Ce magistrat a rendu compte des plaidoiries dans le délibéré de la Cour, entendu en son rapport, composée de :
Madame Stéphanie ALA, présidente,
Madame Bérénice HUMBOURG, présidente
Monsieur Laurent ROULAUD, conseiller
Greffière, lors des débats : Madame Estelle KOFFI
ARRÊT :
— CONTRADICTOIRE
— mise à disposition de l’arrêt au greffe de la Cour, les parties en ayant été préalablement avisées dans les conditions prévues au deuxième alinéa de l’article 450 du Code de procédure civile,
— signé par Madame Bérénice HUMBOURG, présidente et par Madame Estelle KOFFI, greffière à laquelle la minute de la décision a été remise par le magistrat signataire.
EXPOSÉ DES FAITS
Par contrat de travail à durée indéterminée à temps plein prenant effet le 4 février 2009, Mme [I] [J] a été engagée par la société Pharmacie Braud-Hamdan (ci-après désignée la société PBH) en qualité de conseillère/rayonniste.

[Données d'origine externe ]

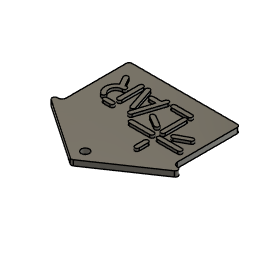
home (Autodesk Fusion 360 design; units mm, degrees)
Autodesk Fusion 360 part; units mm, degrees
sketch "Esboço1" plane through (0, 0, 0) normal (0, 1, 0) x (1, 0, 0)
  line L0 (-19.7256, 15) -> (19.7256, 15)
  line L1 (20.7256, 14) -> (20.7256, -8.5)
  line L2 (-20.7256, -8.5) -> (-20.7256, 14)
  line L3 (22.2256, -10) -> (22.4766, -10)
  line L4 (23.0389, -11.8269) -> (0.5623, -27.111)
  line L5 (-0.5623, -27.111) -> (-23.0389, -11.8269)
  line L6 (-22.4766, -10) -> (-22.2256, -10)
  arc A0 (23.0389, -11.8269) -> (22.4766, -10) centre (22.4766, -11) ccw
  arc A1 (-0.5623, -27.111) -> (0.5623, -27.111) centre (0, -26.2841) ccw
  arc A2 (-22.4766, -10) -> (-23.0389, -11.8269) centre (-22.4766, -11) ccw
  arc A3 (-19.7256, 15) -> (-20.7256, 14) centre (-19.7256, 14) ccw
  arc A4 (20.7256, -8.5) -> (22.2256, -10) centre (22.2256, -8.5) ccw
  arc A5 (-22.2256, -10) -> (-20.7256, -8.5) centre (-22.2256, -8.5) ccw
  arc A6 (20.7256, 14) -> (19.7256, 15) centre (19.7256, 14) ccw
  point P0 (20.7256, -10)
  point P1 (-20.7256, -10)
  point P2 (25.7256, -10)
  point P3 (-25.7256, -10)
  dimension "d25" = 5
  dimension "d26" = 5
  dimension "d29" = 1
  dimension "d30" = 1.5
  dimension "d31" = 1
  constraint horizontal L0
  constraint vertical L1
  constraint vertical L2
  constraint perpendicular L1 L3
  constraint perpendicular L2 L6
  constraint coincident P2 L3
  constraint coincident P2 L4
  constraint tangent L3 A0
  constraint tangent L4 A0
  constraint tangent L4 A1
  constraint tangent L5 A1
  constraint equal A0 A1
  constraint coincident P3 L5
  constraint coincident P3 L6
  constraint tangent L5 A2
  constraint tangent L6 A2
  constraint equal A0 A2
  constraint tangent L0 A3
  constraint tangent L2 A3
  constraint equal A0 A3
  constraint coincident P0 L1
  constraint coincident P0 L3
  constraint tangent L1 A4
  constraint tangent L3 A4
  constraint coincident P1 L2
  constraint coincident P1 L6
  constraint tangent L2 A5
  constraint tangent L6 A5
  constraint equal A4 A5
  constraint tangent L0 A6
  constraint tangent L1 A6
  measures "d25" distance of P0 P2
  measures "d26" distance of P1 P3
  measures "d29" radius of A0
  measures "d30" radius of A4
  measures "d31" radius of A6
extrude "Extrusão1" add sketch "Esboço1" along normal blind 2
sketch "Esboço2" plane through (0, 2, 0) normal (0, 1, 0) x (-1, 0, 0)
  arc A0 (-7.6957, 5.7284) -> (-7.6957, 4.0924) centre (-7.6957, 4.9104) ccw
  arc A1 (9.6001, 3.2824) -> (9.6001, 1.6464) centre (9.6001, 2.4644) ccw
  arc A2 (-8.3998, 11.9964) -> (-10.0358, 11.9964) centre (-9.2178, 11.9964) ccw
  arc A3 (12.1483, 1.6464) -> (12.1483, 3.2824) centre (12.1483, 2.4644) ccw
  arc A4 (-10.5289, 4.1733) -> (-10.5289, 5.8093) centre (-10.5289, 4.9913) ccw
  line L0 (4.3783, -0.0864) -> (7.1036, -8.37) construction
  line L1 (-10.0682, 2.3364) -> (-10.0682, -5.7023)
  line L2 (0.2484, -6.4101) -> (3.8683, -6.4101) construction
  line L3 (-7.6957, 4.9104) -> (-0.0057, 4.9104) construction
  line L4 (-10.0358, 11.9964) -> (-10.0358, 8.5964)
  line L5 (12.4242, -4.9719) -> (14.5369, -8.7718)
  line L6 (9.6001, 1.6464) -> (12.1483, 1.6464)
  line L7 (-8.3998, 8.5964) -> (-8.3998, 11.9964)
  line L8 (-9.2178, 11.9964) -> (-9.2178, 8.5964) construction
  line L9 (-13.1677, 2.533) -> (-17.5076, 0.2031)
  arc A5 (-9.2417, -7.0641) -> (-9.2417, -8.7001) centre (-9.2417, -7.8821) ccw
  line L10 (9.5376, -0.2788) -> (9.5376, -8.3735) construction
  line L11 (-10.5289, 5.8093) -> (-18.2117, 5.8093)
  line L12 (-9.2417, -8.7001) -> (-3.0317, -8.7001)
  arc A6 (-10.0358, 8.5964) -> (-8.3998, 8.5964) centre (-9.2178, 8.5964) ccw
  arc A7 (-12.3938, 1.0916) -> (-13.1677, 2.533) centre (-12.7808, 1.8123) ccw
  line L13 (0.5064, -8.266) -> (3.7944, 1.8702)
  line L14 (-7.6957, 4.0924) -> (-0.0057, 4.0924)
  line L15 (-0.0057, 5.7284) -> (-7.6957, 5.7284)
  arc A8 (-8.4322, 2.3364) -> (-10.0682, 2.3364) centre (-9.2502, 2.3364) ccw
  arc A9 (-0.0057, 4.0924) -> (-0.0057, 5.7284) centre (-0.0057, 4.9104) ccw
  arc A10 (3.7944, 1.8702) -> (2.2383, 2.375) centre (3.0163, 2.1226) ccw
  line L16 (12.1483, 3.2824) -> (9.6001, 3.2824)
  line L17 (0.2484, -7.2281) -> (3.8683, -7.2281)
  line L18 (-16.7338, -1.2383) -> (-12.3938, 1.0916)
  arc A11 (12.141, -4.7193) -> (14.2741, 0.968) centre (12.1819, -1.4909) ccw construction
  arc A12 (13.854, -4.1769) -> (12.4242, -4.9719) centre (13.1391, -4.5744) ccw
  arc A13 (14.5369, -8.7718) -> (15.9667, -7.9767) centre (15.2518, -8.3742) ccw
  line L19 (2.2383, 2.375) -> (-1.0498, -7.7612)
  arc A14 (5.1554, 0.1693) -> (3.6013, -0.342) centre (4.3783, -0.0864) ccw
  line L20 (9.6001, 2.4644) -> (12.1483, 2.4644) construction
  arc A15 (-17.5076, 0.2031) -> (-16.7338, -1.2383) centre (-17.1207, -0.5176) ccw
  line L21 (8.7196, -0.2788) -> (8.7196, -8.3735)
  line L22 (3.6013, -0.342) -> (6.3265, -8.6256)
  arc A16 (12.1514, -3.9012) -> (12.1306, -5.5373) centre (12.141, -4.7193) ccw
  arc A17 (12.1514, -3.9012) -> (13.7439, 0.3449) centre (12.1819, -1.4909) ccw
  arc A18 (-1.0498, -7.7612) -> (0.5064, -8.266) centre (-0.2717, -8.0136) ccw
  arc A19 (6.3265, -8.6256) -> (7.8806, -8.1144) centre (7.1036, -8.37) ccw
  arc A20 (3.8683, -7.2281) -> (3.8683, -5.5921) centre (3.8683, -6.4101) ccw
  line L23 (13.1391, -4.5744) -> (15.2518, -8.3742) construction
  arc A21 (12.1306, -5.5373) -> (14.8043, 1.5911) centre (12.1819, -1.4909) ccw
  line L24 (-6.0435, 1.3999) -> (-2.2156, -0.8491) construction
  line L25 (-6.4578, 0.6946) -> (-2.63, -1.5544)
  arc A22 (-3.0317, -8.7001) -> (-3.0317, -7.0641) centre (-3.0317, -7.8821) ccw
  arc A23 (10.3556, -0.2788) -> (8.7196, -0.2788) centre (9.5376, -0.2788) ccw
  line L26 (10.3556, -8.3735) -> (10.3556, -0.2788)
  line L27 (7.8806, -8.1144) -> (5.1554, 0.1693)
  line L28 (-1.8012, -0.1438) -> (-5.6291, 2.1051)
  arc A24 (0.2484, -5.5921) -> (0.2484, -7.2281) centre (0.2484, -6.4101) ccw
  line L29 (3.8683, -5.5921) -> (0.2484, -5.5921)
  arc A25 (-5.6291, 2.1051) -> (-6.4578, 0.6946) centre (-6.0435, 1.3999) ccw
  arc A26 (-2.63, -1.5544) -> (-1.8012, -0.1438) centre (-2.2156, -0.8491) ccw
  arc A27 (8.7196, -8.3735) -> (10.3556, -8.3735) centre (9.5376, -8.3735) ccw
  line L30 (-3.0317, -7.0641) -> (-9.2417, -7.0641)
  line L31 (-10.5289, 4.9913) -> (-18.2117, 4.9913) construction
  line L32 (-8.4322, -5.7023) -> (-8.4322, 2.3364)
  line L33 (-9.2417, -7.8821) -> (-3.0317, -7.8821) construction
  line L34 (-18.2117, 4.1733) -> (-10.5289, 4.1733)
  line L35 (15.9667, -7.9767) -> (13.854, -4.1769)
  line L36 (-17.1207, -0.5176) -> (-12.7808, 1.8123) construction
  arc A28 (-18.2117, 5.8093) -> (-18.2117, 4.1733) centre (-18.2117, 4.9913) ccw
  arc A29 (14.8043, 1.5911) -> (13.7439, 0.3449) centre (14.2741, 0.968) ccw
  line L37 (-0.2717, -8.0136) -> (3.0163, 2.1226) construction
  line L38 (-9.2502, 2.3364) -> (-9.2502, -5.7023) construction
  arc A30 (-10.0682, -5.7023) -> (-8.4322, -5.7023) centre (-9.2502, -5.7023) ccw
  line L39 (23.0389, 11.8269) -> (0.5623, 27.111)
  line L40 (-0.5623, 27.111) -> (-23.0389, 11.8269)
  line L41 (-22.4766, 10) -> (-22.2256, 10)
  line L42 (-20.7256, 8.5) -> (-20.7256, -14)
  line L43 (-19.7256, -15) -> (19.7256, -15)
  line L44 (20.7256, -14) -> (20.7256, 8.5)
  line L45 (22.2256, 10) -> (22.4766, 10)
  arc A31 (19.7256, -15) -> (20.7256, -14) centre (19.7256, -14) ccw
  arc A32 (22.4766, 10) -> (23.0389, 11.8269) centre (22.4766, 11) ccw
  arc A33 (0.5623, 27.111) -> (-0.5623, 27.111) centre (0, 26.2841) ccw
  arc A34 (-23.0389, 11.8269) -> (-22.4766, 10) centre (-22.4766, 11) ccw
  arc A35 (-20.7256, 8.5) -> (-22.2256, 10) centre (-22.2256, 8.5) ccw
  arc A36 (22.2256, 10) -> (20.7256, 8.5) centre (22.2256, 8.5) ccw
  arc A37 (-20.7256, -14) -> (-19.7256, -15) centre (-19.7256, -14) ccw
  point P0 (-1.3, 2)
  point P1 (-1.3, 2)
  point P2 (2.75, -13.35)
  point P3 (2.75, -13.35)
  point P4 (3.3879, -13.4686)
  point P5 (2.75, -13.35)
  point P6 (2.75, -13.35)
  point P7 (2.75, -13.35)
  dimension "d4" = 1.6362
  dimension "d5" = 1.636
  dimension "d6" = 1.636
  dimension "d7" = 1.636
  dimension "d8" = 1.636
  dimension "d9" = 1.636
  dimension "d10" = 1.636
  dimension "d11" = 1.636
  dimension "d12" = 1.636
  dimension "d13" = 4.4396
  dimension "d14" = 1.636
  dimension "d15" = 1.636
  dimension "d16" = 1.636
  dimension "d17" = 1.636
  dimension "d18" = 1.636
  dimension "d19" = 3.4
  constraint coincident P0 P1
  constraint tangent L4 A6
  constraint tangent L7 A6
  constraint parallel L4 L7
  constraint tangent A2 L7
  constraint tangent A2 L4
  constraint tangent L14 A9
  constraint tangent L15 A9
  constraint parallel L14 L15
  constraint tangent A0 L15
  constraint tangent A0 L14
  constraint tangent L25 A26
  constraint tangent L28 A26
  constraint parallel L25 L28
  constraint tangent L28 A25
  constraint tangent L25 A25
  constraint tangent L1 A30
  constraint tangent L32 A30
  constraint parallel L1 L32
  constraint tangent A8 L32
  constraint tangent L1 A8
  constraint tangent A7 L18
  constraint tangent L9 A7
  constraint parallel L9 L18
  constraint tangent L9 A15
  constraint tangent L18 A15
  constraint tangent L11 A28
  constraint tangent L34 A28
  constraint parallel L11 L34
  constraint tangent A4 L34
  constraint tangent A4 L11
  constraint perpendicular L1 L31
  constraint tangent L12 A22
  constraint tangent A22 L30
  constraint parallel L12 L30
  constraint tangent A5 L30
  constraint tangent A5 L12
  constraint perpendicular L1 L33
  constraint tangent L13 A10
  constraint tangent A10 L19
  constraint parallel L13 L19
  constraint tangent L19 A18
  constraint tangent L13 A18
  constraint tangent L17 A20
  constraint tangent A20 L29
  constraint parallel L17 L29
  constraint tangent A24 L29
  constraint tangent L17 A24
  constraint coincident L2.start L37
  constraint tangent L22 A19
  constraint tangent A19 L27
  constraint parallel L22 L27
  constraint tangent A14 L27
  constraint tangent A14 L22
  constraint tangent L21 A27
  constraint tangent L26 A27
  constraint parallel L21 L26
  constraint tangent A23 L26
  constraint tangent L21 A23
  constraint tangent A3 L6
  constraint tangent A3 L16
  constraint parallel L6 L16
  constraint tangent A1 L16
  constraint tangent A1 L6
  constraint tangent A16 A21
  constraint tangent A16 A17
  constraint tangent A17 A29
  constraint tangent A21 A29
  constraint tangent L5 A13
  constraint tangent A13 L35
  constraint parallel L5 L35
  constraint tangent A12 L35
  constraint tangent L5 A12
  constraint coincident A12.centre A11
  measures "d4" distance of A17 A21
  measures "d5" distance of L6 L16
  measures "d6" distance of L5 L35
  measures "d7" distance of L21 L26
  measures "d8" distance of L22 L27
  measures "d9" distance of L17 L29
  measures "d10" distance of L13 L19
  measures "d11" distance of L12 L30
  measures "d12" distance of L1 L32
  measures "d13" distance of L24.end L24.start
  measures "d14" distance of L25 L28
  measures "d15" distance of L14 L15
  measures "d16" distance of L11 L34
  measures "d17" distance of L4 L7
  measures "d18" distance of L9 L18
  measures "d19" distance of A2.centre L8.end
extrude "Extrusão2" add sketch "Esboço2" along normal blind 1 contours A0 L14 L15 A9 | A1 A3 L6 L16 | A2 L4 L7 A6 | A4 L11 L34 A28 | L1 A8 L32 A30 | L5 A12 A21 L35 | L5 A12 A16 A17 A21 | L5 A13 A21 L35 | A12 A17 A21 L35 A29 | L9 A7 L18 A15 | A5 L12 A22 L30 | L13 L17 L19 A18 A24 | L13 L17 A24 L29 | L13 L17 A20 L29 | L13 A10 L19 A24 L29 | A14 L22 A19 L27 | L21 A23 L26 A27 | L25 L28 A25 A26
sketch "Esboço3" plane through (0, 2, 0) normal (0, 1, 0) x (-1, 0, 0)
  arc A0 (12.1483, 1.6464) -> (12.1483, 3.2824) centre (12.1483, 2.4644) ccw
  line L0 (12.1483, 1.6464) -> (9.6001, 1.6464)
  arc A1 (9.6001, 3.2824) -> (9.6001, 1.6464) centre (9.6001, 2.4644) ccw
  line L1 (9.6001, 3.2824) -> (12.1483, 3.2824)
  arc A2 (3.8683, -7.2281) -> (3.8683, -5.5921) centre (3.8683, -6.4101) ccw
  line L2 (3.8683, -7.2281) -> (0.843, -7.2281)
  line L3 (0.843, -7.2281) -> (0.5064, -8.266)
  arc A3 (-1.0498, -7.7612) -> (0.5064, -8.266) centre (-0.2717, -8.0136) ccw
  line L4 (-1.0498, -7.7612) -> (2.2383, 2.375)
  arc A4 (3.7944, 1.8702) -> (2.2383, 2.375) centre (3.0163, 2.1226) ccw
  line L5 (3.7944, 1.8702) -> (1.3737, -5.5921)
  line L6 (1.3737, -5.5921) -> (3.8683, -5.5921)
  line L7 (-10.0682, -5.7023) -> (-10.0682, 2.3364)
  arc A5 (-8.4322, 2.3364) -> (-10.0682, 2.3364) centre (-9.2502, 2.3364) ccw
  line L8 (-8.4322, 2.3364) -> (-8.4322, -5.7023)
  arc A6 (-10.0682, -5.7023) -> (-8.4322, -5.7023) centre (-9.2502, -5.7023) ccw
  line L9 (-10.0358, 8.5964) -> (-10.0358, 11.9964)
  arc A7 (-8.3998, 11.9964) -> (-10.0358, 11.9964) centre (-9.2178, 11.9964) ccw
  line L10 (-8.3998, 11.9964) -> (-8.3998, 8.5964)
  arc A8 (-10.0358, 8.5964) -> (-8.3998, 8.5964) centre (-9.2178, 8.5964) ccw
  line L11 (-2.63, -1.5544) -> (-6.4578, 0.6946)
  arc A9 (-5.6291, 2.1051) -> (-6.4578, 0.6946) centre (-6.0435, 1.3999) ccw
  line L12 (-5.6291, 2.1051) -> (-1.8012, -0.1438)
  arc A10 (-2.63, -1.5544) -> (-1.8012, -0.1438) centre (-2.2156, -0.8491) ccw
  arc A11 (6.3265, -8.6256) -> (7.8806, -8.1144) centre (7.1036, -8.37) ccw
  line L13 (6.3265, -8.6256) -> (3.6013, -0.342)
  arc A12 (5.1554, 0.1693) -> (3.6013, -0.342) centre (4.3783, -0.0864) ccw
  line L14 (5.1554, 0.1693) -> (7.8806, -8.1144)
  arc A13 (12.1514, -3.9012) -> (13.7439, 0.3449) centre (12.1819, -1.4909) ccw
  arc A14 (14.8043, 1.5911) -> (13.7439, 0.3449) centre (14.2741, 0.968) ccw
  arc A15 (14.2834, -4.9492) -> (14.8043, 1.5911) centre (12.1819, -1.4909) ccw
  line L15 (14.2834, -4.9492) -> (15.9667, -7.9767)
  arc A16 (14.5369, -8.7718) -> (15.9667, -7.9767) centre (15.2518, -8.3742) ccw
  line L16 (14.5369, -8.7718) -> (12.7188, -5.5019)
  arc A17 (12.1306, -5.5373) -> (12.7188, -5.5019) centre (12.1819, -1.4909) ccw
  arc A18 (12.1514, -3.9012) -> (12.1306, -5.5373) centre (12.141, -4.7193) ccw
  arc A19 (-3.0317, -8.7001) -> (-3.0317, -7.0641) centre (-3.0317, -7.8821) ccw
  line L17 (-3.0317, -8.7001) -> (-9.2417, -8.7001)
  arc A20 (-9.2417, -7.0641) -> (-9.2417, -8.7001) centre (-9.2417, -7.8821) ccw
  line L18 (-9.2417, -7.0641) -> (-3.0317, -7.0641)
  line L19 (-17.5076, 0.2031) -> (-13.1677, 2.533)
  arc A21 (-12.3938, 1.0916) -> (-13.1677, 2.533) centre (-12.7808, 1.8123) ccw
  line L20 (-12.3938, 1.0916) -> (-16.7338, -1.2383)
  arc A22 (-17.5076, 0.2031) -> (-16.7338, -1.2383) centre (-17.1207, -0.5176) ccw
  line L21 (-18.2117, 5.8093) -> (-10.5289, 5.8093)
  arc A23 (-10.5289, 4.1733) -> (-10.5289, 5.8093) centre (-10.5289, 4.9913) ccw
  line L22 (-10.5289, 4.1733) -> (-18.2117, 4.1733)
  arc A24 (-18.2117, 5.8093) -> (-18.2117, 4.1733) centre (-18.2117, 4.9913) ccw
  line L23 (-0.0057, 4.0924) -> (-7.6957, 4.0924)
  arc A25 (-7.6957, 5.7284) -> (-7.6957, 4.0924) centre (-7.6957, 4.9104) ccw
  line L24 (-7.6957, 5.7284) -> (-0.0057, 5.7284)
  arc A26 (-0.0057, 4.0924) -> (-0.0057, 5.7284) centre (-0.0057, 4.9104) ccw
  line L25 (8.7196, -8.3735) -> (8.7196, -0.2788)
  arc A27 (10.3556, -0.2788) -> (8.7196, -0.2788) centre (9.5376, -0.2788) ccw
  line L26 (10.3556, -0.2788) -> (10.3556, -8.3735)
  arc A28 (8.7196, -8.3735) -> (10.3556, -8.3735) centre (9.5376, -8.3735) ccw
  circle A29 centre (-0.0421, 22.1477) radius 1.5
  line L27 (23.0389, 11.8269) -> (0.5623, 27.111)
  line L28 (-0.5623, 27.111) -> (-23.0389, 11.8269)
  line L29 (-22.4766, 10) -> (-22.2256, 10)
  line L30 (-20.7256, 8.5) -> (-20.7256, -14)
  line L31 (-19.7256, -15) -> (19.7256, -15)
  line L32 (20.7256, -14) -> (20.7256, 8.5)
  line L33 (22.2256, 10) -> (22.4766, 10)
  arc A30 (19.7256, -15) -> (20.7256, -14) centre (19.7256, -14) ccw
  arc A31 (22.4766, 10) -> (23.0389, 11.8269) centre (22.4766, 11) ccw
  arc A32 (0.5623, 27.111) -> (-0.5623, 27.111) centre (0, 26.2841) ccw
  arc A33 (-23.0389, 11.8269) -> (-22.4766, 10) centre (-22.4766, 11) ccw
  arc A34 (-20.7256, 8.5) -> (-22.2256, 10) centre (-22.2256, 8.5) ccw
  arc A35 (22.2256, 10) -> (20.7256, 8.5) centre (22.2256, 8.5) ccw
  arc A36 (-20.7256, -14) -> (-19.7256, -15) centre (-19.7256, -14) ccw
  dimension "d22" = 3
  dimension "d28" = 5
  measures "d22" diameter of A29
  measures "d28" distance of A29.centre L27.end
extrude "Extrusão3" cut sketch "Esboço3" against normal blind 6 contours A29

La société PBH employait à titre habituel plus de dix salariés et était soumise à la convention collective nationale de la pharmacie.
Par courrier remis en main propre le 28 septembre 2015, la société PBH a convoqué Mme [J] à un entretien préalable en vue d’un éventuel licenciement économique fixé le 7 octobre 2015.
Par lettre recommandée avec avis de réception du 19 octobre 2015, la société PDB a notifié à Mme [J] son licenciement pour motif économique.
Mme [J] a reçu cette lettre le 20 octobre 2015.
La lettre de licenciement était ainsi rédigée :
'Suite à notre entretien du 7 octobre 2015, auquel vous vous êtes présentée seule nous vous informons que nous sommes contraintes de procéder à votre licenciement pour un motif économique.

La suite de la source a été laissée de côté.